EXERCISE AIM
Below are some entries. Repeat exactly the lines from the one with "#209=LINE('',#208,#207);" through the one with "#270=ADVANCED_FACE('F229',(#269),#244,.F.);", and only those.

(Stored items)

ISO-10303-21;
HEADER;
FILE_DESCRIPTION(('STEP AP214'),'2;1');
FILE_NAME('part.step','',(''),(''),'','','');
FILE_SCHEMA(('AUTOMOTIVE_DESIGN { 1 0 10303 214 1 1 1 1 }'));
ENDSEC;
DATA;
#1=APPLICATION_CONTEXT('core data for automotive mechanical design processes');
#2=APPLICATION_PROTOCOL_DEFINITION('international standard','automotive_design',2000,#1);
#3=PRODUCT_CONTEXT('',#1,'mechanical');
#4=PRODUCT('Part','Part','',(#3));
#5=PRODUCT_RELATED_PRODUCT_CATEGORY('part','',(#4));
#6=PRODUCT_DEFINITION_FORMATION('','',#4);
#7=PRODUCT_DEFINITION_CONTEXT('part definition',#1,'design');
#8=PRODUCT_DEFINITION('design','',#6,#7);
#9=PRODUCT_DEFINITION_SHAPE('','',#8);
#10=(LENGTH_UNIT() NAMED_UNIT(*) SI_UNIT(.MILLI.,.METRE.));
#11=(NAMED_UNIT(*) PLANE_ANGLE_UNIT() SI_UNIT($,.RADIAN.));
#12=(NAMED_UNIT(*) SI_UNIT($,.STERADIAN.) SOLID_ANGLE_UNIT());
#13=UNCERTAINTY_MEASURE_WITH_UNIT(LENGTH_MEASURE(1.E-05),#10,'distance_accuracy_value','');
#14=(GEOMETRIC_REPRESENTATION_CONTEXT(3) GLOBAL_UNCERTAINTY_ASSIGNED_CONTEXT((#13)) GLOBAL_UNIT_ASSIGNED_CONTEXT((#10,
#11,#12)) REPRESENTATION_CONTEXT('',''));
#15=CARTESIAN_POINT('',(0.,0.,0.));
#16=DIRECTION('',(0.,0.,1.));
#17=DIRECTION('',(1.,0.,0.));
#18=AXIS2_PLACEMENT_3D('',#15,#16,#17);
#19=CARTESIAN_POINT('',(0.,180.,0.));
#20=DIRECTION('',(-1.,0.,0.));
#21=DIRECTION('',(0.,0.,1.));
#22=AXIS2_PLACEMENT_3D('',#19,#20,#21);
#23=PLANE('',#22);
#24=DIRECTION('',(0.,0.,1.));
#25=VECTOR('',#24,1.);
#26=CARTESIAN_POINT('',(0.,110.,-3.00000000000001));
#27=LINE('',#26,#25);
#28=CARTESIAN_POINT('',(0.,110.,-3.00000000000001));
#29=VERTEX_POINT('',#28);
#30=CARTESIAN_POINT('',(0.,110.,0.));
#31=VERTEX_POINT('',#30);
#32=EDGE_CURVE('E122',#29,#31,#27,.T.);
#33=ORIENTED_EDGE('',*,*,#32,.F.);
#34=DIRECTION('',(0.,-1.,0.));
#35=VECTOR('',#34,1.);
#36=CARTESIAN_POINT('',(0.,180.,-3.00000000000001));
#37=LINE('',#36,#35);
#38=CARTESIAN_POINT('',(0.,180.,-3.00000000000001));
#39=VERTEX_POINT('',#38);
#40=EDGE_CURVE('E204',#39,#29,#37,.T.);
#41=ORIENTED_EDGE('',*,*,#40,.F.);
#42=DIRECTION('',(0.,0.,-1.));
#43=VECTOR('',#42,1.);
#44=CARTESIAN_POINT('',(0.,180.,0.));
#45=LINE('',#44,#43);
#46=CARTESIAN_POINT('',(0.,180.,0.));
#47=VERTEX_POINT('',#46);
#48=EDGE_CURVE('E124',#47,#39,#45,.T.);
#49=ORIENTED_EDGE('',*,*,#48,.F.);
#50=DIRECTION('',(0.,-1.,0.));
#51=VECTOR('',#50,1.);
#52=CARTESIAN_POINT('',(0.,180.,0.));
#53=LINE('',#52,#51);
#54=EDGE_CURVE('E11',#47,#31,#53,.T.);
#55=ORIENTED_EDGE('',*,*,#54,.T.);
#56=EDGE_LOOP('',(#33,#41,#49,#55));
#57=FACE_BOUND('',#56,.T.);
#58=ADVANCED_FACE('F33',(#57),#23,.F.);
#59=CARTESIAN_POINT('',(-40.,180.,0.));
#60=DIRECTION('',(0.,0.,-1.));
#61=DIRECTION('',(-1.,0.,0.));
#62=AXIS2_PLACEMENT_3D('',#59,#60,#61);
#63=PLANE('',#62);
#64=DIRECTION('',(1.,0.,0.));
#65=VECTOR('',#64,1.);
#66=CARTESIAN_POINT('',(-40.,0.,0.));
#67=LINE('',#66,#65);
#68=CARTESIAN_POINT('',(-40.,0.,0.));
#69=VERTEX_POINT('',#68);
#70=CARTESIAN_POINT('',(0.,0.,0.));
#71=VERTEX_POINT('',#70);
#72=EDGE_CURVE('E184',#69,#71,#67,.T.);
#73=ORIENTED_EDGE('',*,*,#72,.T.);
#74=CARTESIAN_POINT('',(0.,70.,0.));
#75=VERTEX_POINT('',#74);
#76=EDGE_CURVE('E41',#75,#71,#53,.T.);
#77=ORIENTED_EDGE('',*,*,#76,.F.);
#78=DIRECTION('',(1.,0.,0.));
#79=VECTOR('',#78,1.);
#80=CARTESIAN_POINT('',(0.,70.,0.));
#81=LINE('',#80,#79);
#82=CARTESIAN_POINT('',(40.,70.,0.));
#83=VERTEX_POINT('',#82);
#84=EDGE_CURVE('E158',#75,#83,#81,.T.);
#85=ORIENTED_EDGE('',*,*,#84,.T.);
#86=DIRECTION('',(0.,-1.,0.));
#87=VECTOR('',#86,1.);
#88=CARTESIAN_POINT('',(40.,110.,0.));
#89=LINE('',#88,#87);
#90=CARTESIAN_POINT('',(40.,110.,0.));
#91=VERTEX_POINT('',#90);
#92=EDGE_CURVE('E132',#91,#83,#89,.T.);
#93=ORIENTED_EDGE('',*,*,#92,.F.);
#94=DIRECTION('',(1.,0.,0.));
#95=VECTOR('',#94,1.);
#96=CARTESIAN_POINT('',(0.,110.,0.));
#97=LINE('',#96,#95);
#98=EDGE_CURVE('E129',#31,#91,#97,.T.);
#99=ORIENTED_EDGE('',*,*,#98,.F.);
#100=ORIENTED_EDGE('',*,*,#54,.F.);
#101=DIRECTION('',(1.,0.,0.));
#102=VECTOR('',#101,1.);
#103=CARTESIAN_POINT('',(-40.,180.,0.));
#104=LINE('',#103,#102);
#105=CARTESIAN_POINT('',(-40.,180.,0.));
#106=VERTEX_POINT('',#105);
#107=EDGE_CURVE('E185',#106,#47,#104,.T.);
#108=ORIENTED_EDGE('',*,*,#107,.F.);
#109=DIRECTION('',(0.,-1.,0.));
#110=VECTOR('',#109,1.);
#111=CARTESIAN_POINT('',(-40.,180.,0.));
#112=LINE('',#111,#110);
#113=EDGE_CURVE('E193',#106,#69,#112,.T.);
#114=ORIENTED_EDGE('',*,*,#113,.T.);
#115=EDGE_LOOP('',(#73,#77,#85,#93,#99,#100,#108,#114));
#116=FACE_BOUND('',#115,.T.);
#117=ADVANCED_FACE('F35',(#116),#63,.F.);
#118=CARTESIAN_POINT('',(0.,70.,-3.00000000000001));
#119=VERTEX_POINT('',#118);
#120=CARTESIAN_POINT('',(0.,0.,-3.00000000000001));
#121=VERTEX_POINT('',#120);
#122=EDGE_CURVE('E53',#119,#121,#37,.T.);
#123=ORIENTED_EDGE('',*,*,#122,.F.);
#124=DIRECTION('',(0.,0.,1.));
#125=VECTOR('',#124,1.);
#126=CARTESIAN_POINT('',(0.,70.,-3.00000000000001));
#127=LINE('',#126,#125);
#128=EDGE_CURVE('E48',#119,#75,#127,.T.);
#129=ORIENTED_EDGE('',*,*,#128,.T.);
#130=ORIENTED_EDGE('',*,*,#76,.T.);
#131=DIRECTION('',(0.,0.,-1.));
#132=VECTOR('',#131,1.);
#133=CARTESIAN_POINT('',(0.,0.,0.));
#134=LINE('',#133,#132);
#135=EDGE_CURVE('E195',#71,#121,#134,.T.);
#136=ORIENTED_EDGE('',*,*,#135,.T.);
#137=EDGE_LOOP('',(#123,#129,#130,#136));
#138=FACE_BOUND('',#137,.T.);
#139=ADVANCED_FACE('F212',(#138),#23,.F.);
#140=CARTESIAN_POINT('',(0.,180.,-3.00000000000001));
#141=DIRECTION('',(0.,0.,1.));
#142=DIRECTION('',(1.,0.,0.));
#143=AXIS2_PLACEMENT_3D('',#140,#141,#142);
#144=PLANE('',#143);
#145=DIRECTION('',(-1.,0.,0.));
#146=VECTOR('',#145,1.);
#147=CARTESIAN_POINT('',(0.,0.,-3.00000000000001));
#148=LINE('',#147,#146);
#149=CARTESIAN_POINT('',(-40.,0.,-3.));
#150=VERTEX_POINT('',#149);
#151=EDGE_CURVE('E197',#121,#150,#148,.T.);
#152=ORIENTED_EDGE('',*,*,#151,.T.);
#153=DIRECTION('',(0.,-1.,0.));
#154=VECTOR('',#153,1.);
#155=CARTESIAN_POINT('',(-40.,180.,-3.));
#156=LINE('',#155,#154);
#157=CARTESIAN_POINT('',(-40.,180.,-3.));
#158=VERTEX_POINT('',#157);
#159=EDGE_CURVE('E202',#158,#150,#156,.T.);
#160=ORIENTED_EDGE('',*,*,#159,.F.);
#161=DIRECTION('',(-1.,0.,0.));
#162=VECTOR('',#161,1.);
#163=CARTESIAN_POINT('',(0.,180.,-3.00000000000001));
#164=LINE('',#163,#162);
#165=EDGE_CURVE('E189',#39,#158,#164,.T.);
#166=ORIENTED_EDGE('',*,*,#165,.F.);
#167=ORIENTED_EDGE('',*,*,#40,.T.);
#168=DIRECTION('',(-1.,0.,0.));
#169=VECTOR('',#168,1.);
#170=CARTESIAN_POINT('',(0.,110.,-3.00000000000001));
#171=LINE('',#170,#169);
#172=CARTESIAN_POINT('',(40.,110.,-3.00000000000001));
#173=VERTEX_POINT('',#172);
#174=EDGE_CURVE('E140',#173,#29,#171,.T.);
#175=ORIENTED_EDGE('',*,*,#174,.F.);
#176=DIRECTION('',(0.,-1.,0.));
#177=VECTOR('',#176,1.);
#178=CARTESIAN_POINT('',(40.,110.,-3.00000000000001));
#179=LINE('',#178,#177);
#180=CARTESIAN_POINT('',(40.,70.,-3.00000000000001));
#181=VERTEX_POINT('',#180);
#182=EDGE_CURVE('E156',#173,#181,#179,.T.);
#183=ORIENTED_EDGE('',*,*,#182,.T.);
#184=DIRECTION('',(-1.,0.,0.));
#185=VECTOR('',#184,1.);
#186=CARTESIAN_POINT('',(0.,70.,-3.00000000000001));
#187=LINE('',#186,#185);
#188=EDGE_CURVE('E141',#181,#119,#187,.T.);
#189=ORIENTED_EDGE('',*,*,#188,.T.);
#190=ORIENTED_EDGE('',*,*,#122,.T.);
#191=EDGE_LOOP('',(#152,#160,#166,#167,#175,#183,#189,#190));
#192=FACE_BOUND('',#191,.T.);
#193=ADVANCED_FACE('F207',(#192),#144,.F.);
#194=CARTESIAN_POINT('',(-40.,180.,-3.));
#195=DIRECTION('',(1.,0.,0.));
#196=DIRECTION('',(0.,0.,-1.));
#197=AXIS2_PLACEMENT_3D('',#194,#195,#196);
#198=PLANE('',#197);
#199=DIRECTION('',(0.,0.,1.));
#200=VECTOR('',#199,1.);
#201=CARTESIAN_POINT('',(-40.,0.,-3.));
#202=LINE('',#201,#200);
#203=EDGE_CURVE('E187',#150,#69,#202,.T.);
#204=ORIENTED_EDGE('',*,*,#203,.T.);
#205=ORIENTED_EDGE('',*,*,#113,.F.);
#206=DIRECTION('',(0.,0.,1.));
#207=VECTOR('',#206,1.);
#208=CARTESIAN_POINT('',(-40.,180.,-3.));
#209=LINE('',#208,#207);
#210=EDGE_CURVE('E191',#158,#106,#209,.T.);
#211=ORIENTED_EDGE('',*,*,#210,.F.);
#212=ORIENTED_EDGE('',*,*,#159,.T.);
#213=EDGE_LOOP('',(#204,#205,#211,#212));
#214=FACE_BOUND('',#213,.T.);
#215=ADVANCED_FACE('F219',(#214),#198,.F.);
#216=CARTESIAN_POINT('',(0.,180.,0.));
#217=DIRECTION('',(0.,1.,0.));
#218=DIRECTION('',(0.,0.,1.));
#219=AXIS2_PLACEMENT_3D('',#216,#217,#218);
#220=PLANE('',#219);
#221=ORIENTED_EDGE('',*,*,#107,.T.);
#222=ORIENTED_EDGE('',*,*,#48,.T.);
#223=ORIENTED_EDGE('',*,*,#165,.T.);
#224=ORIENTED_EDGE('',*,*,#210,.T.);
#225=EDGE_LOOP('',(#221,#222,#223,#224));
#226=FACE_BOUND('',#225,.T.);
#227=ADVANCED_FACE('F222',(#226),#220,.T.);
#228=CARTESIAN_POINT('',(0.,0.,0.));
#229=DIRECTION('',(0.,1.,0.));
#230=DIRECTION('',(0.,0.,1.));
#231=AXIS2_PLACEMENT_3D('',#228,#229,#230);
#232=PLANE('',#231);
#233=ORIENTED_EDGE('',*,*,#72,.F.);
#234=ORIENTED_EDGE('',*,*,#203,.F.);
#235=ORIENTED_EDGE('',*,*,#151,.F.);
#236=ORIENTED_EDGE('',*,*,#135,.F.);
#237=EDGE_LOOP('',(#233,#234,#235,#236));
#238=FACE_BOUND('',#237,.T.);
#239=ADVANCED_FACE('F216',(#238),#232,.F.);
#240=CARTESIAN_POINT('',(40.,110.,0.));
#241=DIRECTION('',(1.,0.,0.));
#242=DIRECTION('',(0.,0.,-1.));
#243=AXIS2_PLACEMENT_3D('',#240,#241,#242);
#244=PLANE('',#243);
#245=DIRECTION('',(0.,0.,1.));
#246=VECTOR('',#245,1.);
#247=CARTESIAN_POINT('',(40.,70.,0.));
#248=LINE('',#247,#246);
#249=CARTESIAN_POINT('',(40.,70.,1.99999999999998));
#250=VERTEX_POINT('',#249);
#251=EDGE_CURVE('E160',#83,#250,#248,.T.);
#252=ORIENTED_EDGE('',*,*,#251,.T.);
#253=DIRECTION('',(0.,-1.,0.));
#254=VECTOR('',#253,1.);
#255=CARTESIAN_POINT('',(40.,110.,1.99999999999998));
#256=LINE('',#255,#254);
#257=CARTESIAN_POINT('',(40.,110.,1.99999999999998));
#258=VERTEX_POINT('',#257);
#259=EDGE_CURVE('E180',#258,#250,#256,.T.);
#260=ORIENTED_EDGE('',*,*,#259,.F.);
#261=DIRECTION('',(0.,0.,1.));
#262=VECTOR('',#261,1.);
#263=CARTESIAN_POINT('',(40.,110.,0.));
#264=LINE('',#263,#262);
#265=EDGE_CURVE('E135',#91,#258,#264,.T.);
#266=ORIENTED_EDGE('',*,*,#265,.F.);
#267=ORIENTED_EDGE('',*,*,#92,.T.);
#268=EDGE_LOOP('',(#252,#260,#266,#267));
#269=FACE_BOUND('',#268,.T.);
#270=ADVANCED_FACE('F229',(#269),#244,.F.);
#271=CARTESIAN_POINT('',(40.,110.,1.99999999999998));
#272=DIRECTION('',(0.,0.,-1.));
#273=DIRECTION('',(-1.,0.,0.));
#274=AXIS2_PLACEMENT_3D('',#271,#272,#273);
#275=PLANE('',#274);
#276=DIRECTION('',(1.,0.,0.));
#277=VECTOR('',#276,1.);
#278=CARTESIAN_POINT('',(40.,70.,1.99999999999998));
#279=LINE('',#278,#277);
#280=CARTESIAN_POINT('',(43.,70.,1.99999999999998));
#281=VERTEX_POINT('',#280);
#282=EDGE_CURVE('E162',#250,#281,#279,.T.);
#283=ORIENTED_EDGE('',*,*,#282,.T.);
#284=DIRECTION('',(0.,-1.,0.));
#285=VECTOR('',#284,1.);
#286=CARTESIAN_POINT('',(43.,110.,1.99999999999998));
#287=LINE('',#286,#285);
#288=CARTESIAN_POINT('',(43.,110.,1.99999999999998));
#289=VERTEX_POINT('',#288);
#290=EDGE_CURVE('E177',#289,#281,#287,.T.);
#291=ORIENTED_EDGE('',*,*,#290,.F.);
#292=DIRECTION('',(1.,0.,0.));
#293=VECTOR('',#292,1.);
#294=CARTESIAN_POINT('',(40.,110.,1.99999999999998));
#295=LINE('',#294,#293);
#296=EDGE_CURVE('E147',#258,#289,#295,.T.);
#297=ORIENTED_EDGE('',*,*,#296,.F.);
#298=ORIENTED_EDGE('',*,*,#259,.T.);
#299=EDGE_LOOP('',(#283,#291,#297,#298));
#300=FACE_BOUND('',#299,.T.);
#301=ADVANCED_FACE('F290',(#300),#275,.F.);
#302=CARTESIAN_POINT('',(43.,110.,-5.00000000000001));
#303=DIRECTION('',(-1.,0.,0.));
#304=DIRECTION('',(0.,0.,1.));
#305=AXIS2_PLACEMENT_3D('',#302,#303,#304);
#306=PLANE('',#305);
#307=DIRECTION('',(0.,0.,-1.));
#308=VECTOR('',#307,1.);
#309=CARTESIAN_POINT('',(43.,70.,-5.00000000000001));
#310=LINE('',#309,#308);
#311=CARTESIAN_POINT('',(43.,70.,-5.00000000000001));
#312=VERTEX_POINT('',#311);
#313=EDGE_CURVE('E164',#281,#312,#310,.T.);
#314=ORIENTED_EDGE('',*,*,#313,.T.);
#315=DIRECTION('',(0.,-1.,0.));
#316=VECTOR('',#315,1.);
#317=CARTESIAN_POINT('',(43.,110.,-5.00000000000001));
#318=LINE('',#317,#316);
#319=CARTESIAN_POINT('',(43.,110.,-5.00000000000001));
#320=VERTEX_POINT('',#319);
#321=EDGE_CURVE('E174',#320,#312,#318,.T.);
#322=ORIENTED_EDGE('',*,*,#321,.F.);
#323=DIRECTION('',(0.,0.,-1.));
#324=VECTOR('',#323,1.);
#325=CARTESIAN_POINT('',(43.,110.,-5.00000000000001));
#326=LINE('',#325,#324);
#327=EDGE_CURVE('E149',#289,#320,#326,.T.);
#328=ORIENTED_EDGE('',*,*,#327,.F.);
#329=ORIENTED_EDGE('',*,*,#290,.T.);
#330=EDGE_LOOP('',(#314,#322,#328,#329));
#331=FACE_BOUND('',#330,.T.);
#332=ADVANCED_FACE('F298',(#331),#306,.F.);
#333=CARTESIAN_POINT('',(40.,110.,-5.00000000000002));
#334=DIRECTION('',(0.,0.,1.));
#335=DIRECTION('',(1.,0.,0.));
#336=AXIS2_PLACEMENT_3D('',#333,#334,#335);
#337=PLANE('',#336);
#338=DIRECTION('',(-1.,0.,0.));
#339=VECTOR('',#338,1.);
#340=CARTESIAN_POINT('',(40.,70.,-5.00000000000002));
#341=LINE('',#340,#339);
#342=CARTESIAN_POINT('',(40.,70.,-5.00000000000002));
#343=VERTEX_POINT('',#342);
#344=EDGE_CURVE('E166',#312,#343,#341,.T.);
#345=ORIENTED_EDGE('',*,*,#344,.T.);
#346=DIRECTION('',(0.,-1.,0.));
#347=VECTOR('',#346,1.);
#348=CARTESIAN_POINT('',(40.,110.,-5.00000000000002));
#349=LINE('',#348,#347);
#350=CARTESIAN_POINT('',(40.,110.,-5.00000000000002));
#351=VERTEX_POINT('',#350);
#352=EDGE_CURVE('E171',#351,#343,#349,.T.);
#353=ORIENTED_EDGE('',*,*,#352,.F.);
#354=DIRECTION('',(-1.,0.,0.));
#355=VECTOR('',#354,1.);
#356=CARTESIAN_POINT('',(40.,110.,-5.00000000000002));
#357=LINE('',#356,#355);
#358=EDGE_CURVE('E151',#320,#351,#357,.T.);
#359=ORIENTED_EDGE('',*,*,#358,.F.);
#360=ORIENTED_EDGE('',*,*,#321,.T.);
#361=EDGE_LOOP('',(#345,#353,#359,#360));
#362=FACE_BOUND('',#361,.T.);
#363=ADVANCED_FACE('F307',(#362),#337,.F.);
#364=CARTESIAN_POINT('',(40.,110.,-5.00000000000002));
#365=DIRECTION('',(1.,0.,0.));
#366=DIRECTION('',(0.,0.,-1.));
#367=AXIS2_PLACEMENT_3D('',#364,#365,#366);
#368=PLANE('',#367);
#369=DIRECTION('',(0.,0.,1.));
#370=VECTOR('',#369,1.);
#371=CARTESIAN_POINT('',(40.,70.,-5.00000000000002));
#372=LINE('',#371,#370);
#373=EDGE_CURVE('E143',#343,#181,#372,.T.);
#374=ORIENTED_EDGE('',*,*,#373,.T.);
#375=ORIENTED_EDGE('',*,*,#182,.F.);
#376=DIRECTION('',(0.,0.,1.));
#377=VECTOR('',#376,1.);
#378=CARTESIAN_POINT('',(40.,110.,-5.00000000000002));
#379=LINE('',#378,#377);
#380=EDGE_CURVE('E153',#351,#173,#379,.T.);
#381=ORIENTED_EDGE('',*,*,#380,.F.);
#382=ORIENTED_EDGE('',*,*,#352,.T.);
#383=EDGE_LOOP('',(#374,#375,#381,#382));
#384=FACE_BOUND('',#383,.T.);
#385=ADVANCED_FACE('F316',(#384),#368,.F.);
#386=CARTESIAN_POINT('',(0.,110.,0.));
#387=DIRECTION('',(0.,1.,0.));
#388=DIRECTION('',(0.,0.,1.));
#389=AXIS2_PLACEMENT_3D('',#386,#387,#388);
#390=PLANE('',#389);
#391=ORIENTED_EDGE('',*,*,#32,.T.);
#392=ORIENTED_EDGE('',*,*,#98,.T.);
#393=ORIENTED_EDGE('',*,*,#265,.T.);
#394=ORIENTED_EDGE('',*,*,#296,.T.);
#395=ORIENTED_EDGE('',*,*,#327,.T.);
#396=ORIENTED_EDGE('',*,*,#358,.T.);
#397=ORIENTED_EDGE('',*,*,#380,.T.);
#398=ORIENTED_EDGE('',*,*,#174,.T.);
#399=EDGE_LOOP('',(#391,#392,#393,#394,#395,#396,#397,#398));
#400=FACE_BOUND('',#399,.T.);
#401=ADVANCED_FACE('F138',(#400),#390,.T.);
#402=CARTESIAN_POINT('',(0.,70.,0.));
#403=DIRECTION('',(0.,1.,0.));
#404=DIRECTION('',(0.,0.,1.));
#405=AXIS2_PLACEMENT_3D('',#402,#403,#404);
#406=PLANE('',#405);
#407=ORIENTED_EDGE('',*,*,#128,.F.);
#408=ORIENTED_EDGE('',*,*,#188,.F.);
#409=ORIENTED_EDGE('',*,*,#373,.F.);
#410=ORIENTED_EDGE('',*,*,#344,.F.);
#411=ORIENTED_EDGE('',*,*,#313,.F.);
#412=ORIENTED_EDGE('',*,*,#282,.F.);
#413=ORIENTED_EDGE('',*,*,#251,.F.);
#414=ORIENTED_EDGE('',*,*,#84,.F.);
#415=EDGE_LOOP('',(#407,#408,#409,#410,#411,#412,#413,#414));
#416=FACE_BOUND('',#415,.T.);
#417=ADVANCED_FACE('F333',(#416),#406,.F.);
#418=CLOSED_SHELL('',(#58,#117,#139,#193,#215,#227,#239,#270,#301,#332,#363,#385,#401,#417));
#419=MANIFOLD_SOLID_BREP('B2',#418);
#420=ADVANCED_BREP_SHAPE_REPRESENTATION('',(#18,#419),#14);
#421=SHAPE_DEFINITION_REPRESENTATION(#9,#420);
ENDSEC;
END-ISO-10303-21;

RESPONSE FOR THIS EXERCISE
#209=LINE('',#208,#207);
#210=EDGE_CURVE('E191',#158,#106,#209,.T.);
#211=ORIENTED_EDGE('',*,*,#210,.F.);
#212=ORIENTED_EDGE('',*,*,#159,.T.);
#213=EDGE_LOOP('',(#204,#205,#211,#212));
#214=FACE_BOUND('',#213,.T.);
#215=ADVANCED_FACE('F219',(#214),#198,.F.);
#216=CARTESIAN_POINT('',(0.,180.,0.));
#217=DIRECTION('',(0.,1.,0.));
#218=DIRECTION('',(0.,0.,1.));
#219=AXIS2_PLACEMENT_3D('',#216,#217,#218);
#220=PLANE('',#219);
#221=ORIENTED_EDGE('',*,*,#107,.T.);
#222=ORIENTED_EDGE('',*,*,#48,.T.);
#223=ORIENTED_EDGE('',*,*,#165,.T.);
#224=ORIENTED_EDGE('',*,*,#210,.T.);
#225=EDGE_LOOP('',(#221,#222,#223,#224));
#226=FACE_BOUND('',#225,.T.);
#227=ADVANCED_FACE('F222',(#226),#220,.T.);
#228=CARTESIAN_POINT('',(0.,0.,0.));
#229=DIRECTION('',(0.,1.,0.));
#230=DIRECTION('',(0.,0.,1.));
#231=AXIS2_PLACEMENT_3D('',#228,#229,#230);
#232=PLANE('',#231);
#233=ORIENTED_EDGE('',*,*,#72,.F.);
#234=ORIENTED_EDGE('',*,*,#203,.F.);
#235=ORIENTED_EDGE('',*,*,#151,.F.);
#236=ORIENTED_EDGE('',*,*,#135,.F.);
#237=EDGE_LOOP('',(#233,#234,#235,#236));
#238=FACE_BOUND('',#237,.T.);
#239=ADVANCED_FACE('F216',(#238),#232,.F.);
#240=CARTESIAN_POINT('',(40.,110.,0.));
#241=DIRECTION('',(1.,0.,0.));
#242=DIRECTION('',(0.,0.,-1.));
#243=AXIS2_PLACEMENT_3D('',#240,#241,#242);
#244=PLANE('',#243);
#245=DIRECTION('',(0.,0.,1.));
#246=VECTOR('',#245,1.);
#247=CARTESIAN_POINT('',(40.,70.,0.));
#248=LINE('',#247,#246);
#249=CARTESIAN_POINT('',(40.,70.,1.99999999999998));
#250=VERTEX_POINT('',#249);
#251=EDGE_CURVE('E160',#83,#250,#248,.T.);
#252=ORIENTED_EDGE('',*,*,#251,.T.);
#253=DIRECTION('',(0.,-1.,0.));
#254=VECTOR('',#253,1.);
#255=CARTESIAN_POINT('',(40.,110.,1.99999999999998));
#256=LINE('',#255,#254);
#257=CARTESIAN_POINT('',(40.,110.,1.99999999999998));
#258=VERTEX_POINT('',#257);
#259=EDGE_CURVE('E180',#258,#250,#256,.T.);
#260=ORIENTED_EDGE('',*,*,#259,.F.);
#261=DIRECTION('',(0.,0.,1.));
#262=VECTOR('',#261,1.);
#263=CARTESIAN_POINT('',(40.,110.,0.));
#264=LINE('',#263,#262);
#265=EDGE_CURVE('E135',#91,#258,#264,.T.);
#266=ORIENTED_EDGE('',*,*,#265,.F.);
#267=ORIENTED_EDGE('',*,*,#92,.T.);
#268=EDGE_LOOP('',(#252,#260,#266,#267));
#269=FACE_BOUND('',#268,.T.);
#270=ADVANCED_FACE('F229',(#269),#244,.F.);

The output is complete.